*** Opening of Task data ***

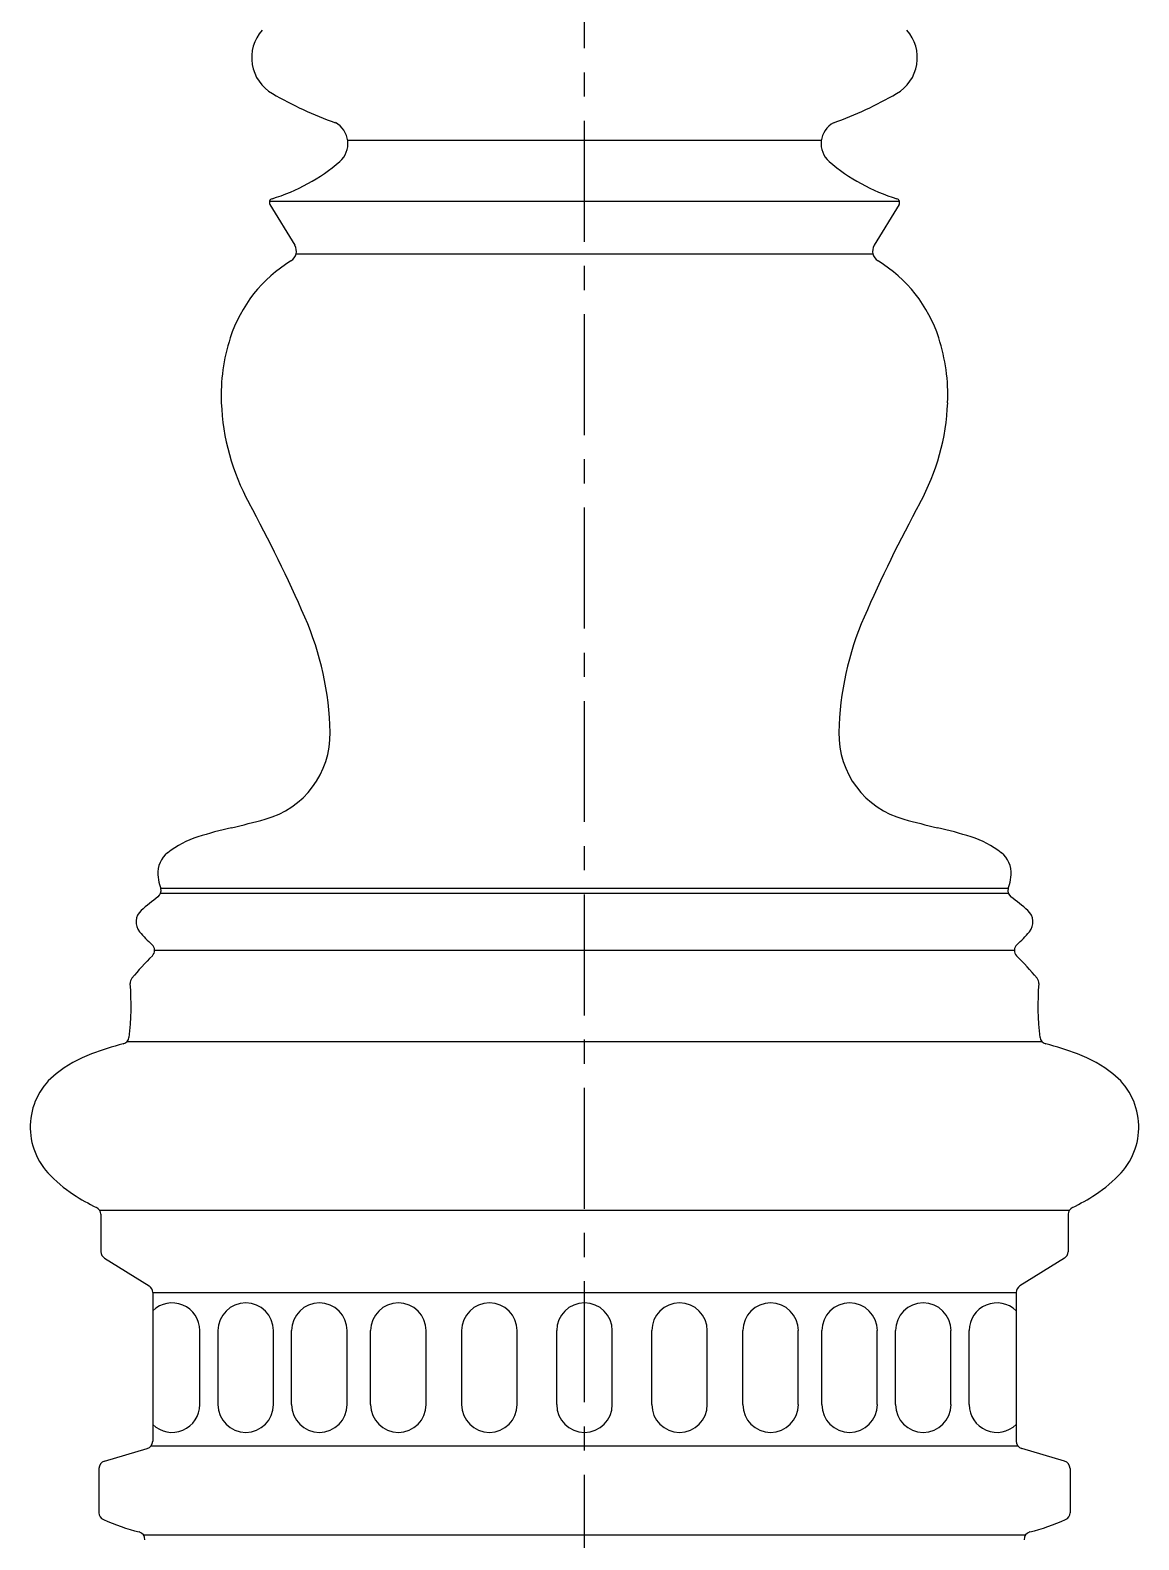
# Model space of a CAD drawing. Header units: millimetres. Extents: x 0 to 13338, y 0 to 11580.
# Drawn here: x 2673 to 2964.2, y 1406.9 to 1803.4 of the extents above; entities that cross this region are included whole.
import ezdxf

# ---------------------------------------------------------------- set-up
doc = ezdxf.new("R2010")
doc.units = ezdxf.units.MM
doc.linetypes.add('CENTER', pattern=[50.8, 31.75, -6.35, 6.35, -6.35])
doc.layers.add('axes', color=40, linetype='CENTER')
doc.layers.add('dwgmodels.com', color=250, linetype='Continuous')

# ---------------------------------------------------------------- blocks, each defined once
blk = doc.blocks.new('Public Light 8_side_dwgmodels.com')
at = {"color": 0}
for p, q in [((-62.23, 1063.73), (62.23, 1063.73)), ((-82.71, 1047.7), (82.71, 1047.7)), ((-82.63, 1046.83), (-76.1, 1036.08)), ((82.63, 1046.83), (76.1, 1036.08)), ((-75.75, 1033.82), (75.75, 1033.82)), ((-111.32, 865.96), (111.32, 865.96)), ((111.31, 867.16), (-111.31, 867.16)), ((-112.91, 850.95), (112.91, 850.95)), ((-120.12, 826.96), (120.12, 826.96)), ((-127.36, 782.63), (127.36, 782.63)), ((-127.06, 781.58), (-126.99, 771.74)), ((127.06, 781.58), (126.99, 771.74)), ((-126.05, 770.05), (-114.34, 762.75)), ((126.05, 770.05), (114.34, 762.75)), ((-113.4, 761.06), (-113.4, 722)), ((-113.4, 761.06), (113.4, 761.06)), ((113.4, 761.06), (113.4, 722)), ((-101.02, 731.59), (-101.02, 751.02)), ((-96.25, 731.59), (-96.25, 751.02)), ((-81.68, 731.59), (-81.68, 751.02)), ((-76.91, 731.59), (-76.91, 751.02)), ((-62.34, 731.59), (-62.34, 751.02)), ((-56.16, 731.59), (-56.16, 751.02)), ((-41.59, 731.59), (-41.59, 751.02)), ((-32.25, 731.59), (-32.25, 751.02)), ((-17.68, 731.59), (-17.68, 751.02)), ((-7.29, 731.59), (-7.29, 751.02)), ((7.29, 731.59), (7.29, 751.02)), ((17.68, 731.59), (17.68, 751.02)), ((32.25, 731.59), (32.25, 751.02)), ((41.59, 731.59), (41.59, 751.02)), ((56.16, 731.59), (56.16, 751.02)), ((62.34, 731.59), (62.34, 751.02)), ((76.91, 731.59), (76.91, 751.02)), ((81.68, 731.59), (81.68, 751.02)), ((96.25, 731.59), (96.25, 751.02)), ((101.02, 731.59), (101.02, 751.02)), ((-126.1, 716.71), (-114.82, 720.08)), ((-113.79, 720.8), (113.79, 720.8)), ((126.1, 716.71), (114.82, 720.08)), ((-127.52, 714.8), (-127.52, 703.2)), ((127.52, 714.8), (127.52, 703.2)), ((-115.83, 697.38), (115.83, 697.38))]:
    blk.add_line(p, q, dxfattribs=at)
for centre, radius, start, end in [((-76.52, 1085.36), 10.89, 138.4465, 240.0407), ((76.52, 1085.36), 10.89, 299.9593, 41.5535), ((-30.4, 1165.38), 103.25, 240.0407, 250.1643), ((30.4, 1165.38), 103.25, 289.8357, 299.9593), ((-68.47, 1062.78), 6.32, 312.0343, 60.9857), ((68.4, 1062.76), 6.25, 118.3388, 228.2895), ((-96.93, 1096.49), 50.43, 287.1367, 310.4003), ((96.93, 1096.49), 50.43, 229.5997, 252.8633), ((-81.77, 1047.35), 1, 107.1367, 211.2657), ((81.77, 1047.35), 1, 328.7343, 72.8633), ((-78.67, 1034.53), 3, 301.3811, 31.2657), ((78.67, 1034.53), 3, 148.7343, 238.6189), ((-57.84, 1000.38), 37, 121.3811, 162.0879), ((57.84, 1000.38), 37, 17.9121, 58.6189), ((-46.39, 996.68), 49.03, 162.0879, 182.2689), ((46.39, 996.68), 49.03, 357.7311, 17.9121), ((-35.43, 997.11), 60, 182.2689, 208.5935), ((35.43, 997.11), 60, 331.4065, 357.7311), ((-421.46, 786.7), 379.65, 23.5567, 28.5935), ((421.46, 786.7), 379.65, 151.4065, 156.4433), ((-146.78, 906.46), 80, 1.2488, 23.5567), ((146.78, 906.46), 80, 156.4433, 178.7512), ((-89.97, 907.69), 23.17, 285.1806, 1.2488), ((89.97, 907.69), 23.17, 178.7512, 254.8194), ((-149.36, 1126.61), 250, 283.0956, 285.1806), ((149.36, 1126.61), 250, 254.8194, 256.9044), ((-94.02, 856.86), 25, 107.4398, 128.1641), ((-65.46, 765.94), 120.3, 103.0956, 107.4398), ((65.46, 765.94), 120.3, 72.5602, 76.9044), ((94.02, 856.86), 25, 51.8359, 72.5602), ((-105.27, 871.16), 6.81, 128.1641, 183.6934), ((105.27, 871.16), 6.81, 356.3066, 51.8359), ((-100.08, 871.5), 12, 183.6934, 195.879), ((100.08, 871.5), 12, 344.121, 356.3066), ((-63.48, 800.94), 80.35, 127.1614, 131.2252), ((-113.22, 866.57), 2, 307.1614, 17.38), ((-71.5, 879.63), 41.72, 195.879, 197.38), ((113.22, 866.57), 2, 162.62, 232.8386), ((71.5, 879.63), 41.72, 342.62, 344.121), ((63.48, 800.94), 80.35, 48.7748, 52.8386), ((-113.79, 858.36), 4, 131.2252, 220.1396), ((113.79, 858.36), 4, 319.8604, 48.7748), ((-89.86, 878.55), 35.3, 220.1396, 227.8125), ((89.86, 878.55), 35.3, 312.1875, 319.8604), ((-57.83, 793.49), 78.96, 134.8342, 140.6127), ((-114.91, 850.9), 2, 314.8342, 47.8125), ((114.91, 850.9), 2, 132.1875, 225.1658), ((57.83, 793.49), 78.96, 39.3873, 45.1658), ((-187.01, 836.66), 67.93, 352.7033, 4.6502), ((-117.31, 842.33), 2, 140.6127, 184.6502), ((117.31, 842.33), 2, 355.3498, 39.3873), ((187.01, 836.66), 67.93, 175.3498, 187.2967), ((-101.1, 748.32), 80.56, 104.3921, 110.6409), ((-121.62, 828.28), 2, 284.3921, 352.7033), ((121.62, 828.28), 2, 187.2967, 255.6079), ((101.1, 748.32), 80.56, 69.3591, 75.6079), ((-117.16, 790.95), 35, 110.6409, 128.1842), ((117.16, 790.95), 35, 51.8158, 69.3591), ((-127.8, 804.48), 17.78, 128.1842, 222.4239), ((127.8, 804.48), 17.78, 317.5761, 51.8158), ((-115.09, 816.1), 35, 222.4239, 236.8968), ((115.09, 816.1), 35, 303.1032, 317.5761), ((-103.45, 833.95), 56.31, 236.8968, 243.9527), ((103.45, 833.95), 56.31, 296.0473, 303.1032), ((-129.06, 781.56), 2, 0.366, 63.9527), ((129.06, 781.56), 2, 116.0473, 179.634), ((-124.99, 771.75), 2, 180.366, 238.0687), ((124.99, 771.75), 2, 301.9313, 359.634), ((-115.4, 761.06), 2, 0, 58.0687), ((115.4, 761.06), 2, 121.9313, 180), ((-108.31, 751.02), 7.29, 0, 134.3142), ((-88.97, 751.02), 7.29, 0, 180), ((-69.63, 751.02), 7.29, 0, 180), ((-48.88, 751.02), 7.29, 0, 180), ((-24.97, 751.02), 7.29, 0, 180), ((0, 751.02), 7.29, 0, 180), ((24.97, 751.02), 7.29, 0, 180), ((48.88, 751.02), 7.29, 0, 180), ((69.63, 751.02), 7.29, 0, 180), ((88.97, 751.02), 7.29, 0, 180), ((108.31, 751.02), 7.29, 45.6858, 180), ((-108.31, 731.59), 7.29, 225.6858, 0), ((-88.97, 731.59), 7.29, 180, 0), ((-69.63, 731.59), 7.29, 180, 0), ((-48.88, 731.59), 7.29, 180, 0), ((-24.97, 731.59), 7.29, 180, 0), ((0, 731.59), 7.29, 180, 0), ((24.97, 731.59), 7.29, 180, 0), ((48.88, 731.59), 7.29, 180, 0), ((69.63, 731.59), 7.29, 180, 0), ((88.97, 731.59), 7.29, 180, 0), ((108.31, 731.59), 7.29, 180, 314.3142), ((-115.4, 722), 2, 286.6322, 0), ((115.4, 722), 2, 180, 253.3678), ((-125.52, 714.8), 2, 106.6322, 180), ((125.52, 714.8), 2, 0, 73.3678), ((-125.52, 703.2), 2, 180, 245.833), ((125.52, 703.2), 2, 294.167, 0), ((-103.49, 752.3), 55.81, 245.833, 256.0367), ((-117.44, 696.2), 2, 356.75, 76.0367), ((117.44, 696.2), 2, 103.9633, 183.25), ((103.49, 752.3), 55.81, 283.9633, 294.167)]:
    blk.add_arc(centre, radius, start, end, dxfattribs=at)
at = {"layer": 'axes'}
blk.add_lwpolyline([(0, -131.37), (0, 4592.34)], dxfattribs=at)

msp = doc.modelspace()

# ---------------------------------------------------------------- block references
at = {"layer": 'dwgmodels.com'}
msp.add_blockref('Public Light 8_side_dwgmodels.com', (2818.61, 710.8), dxfattribs=at)

doc.saveas('drawing.dxf')

*** Close of Task data ***

Instructions for the task
Copy out each line of the listing that holds the string "layers".

Response below
doc.layers.add('axes', color=40, linetype='CENTER')
doc.layers.add('dwgmodels.com', color=250, linetype='Continuous')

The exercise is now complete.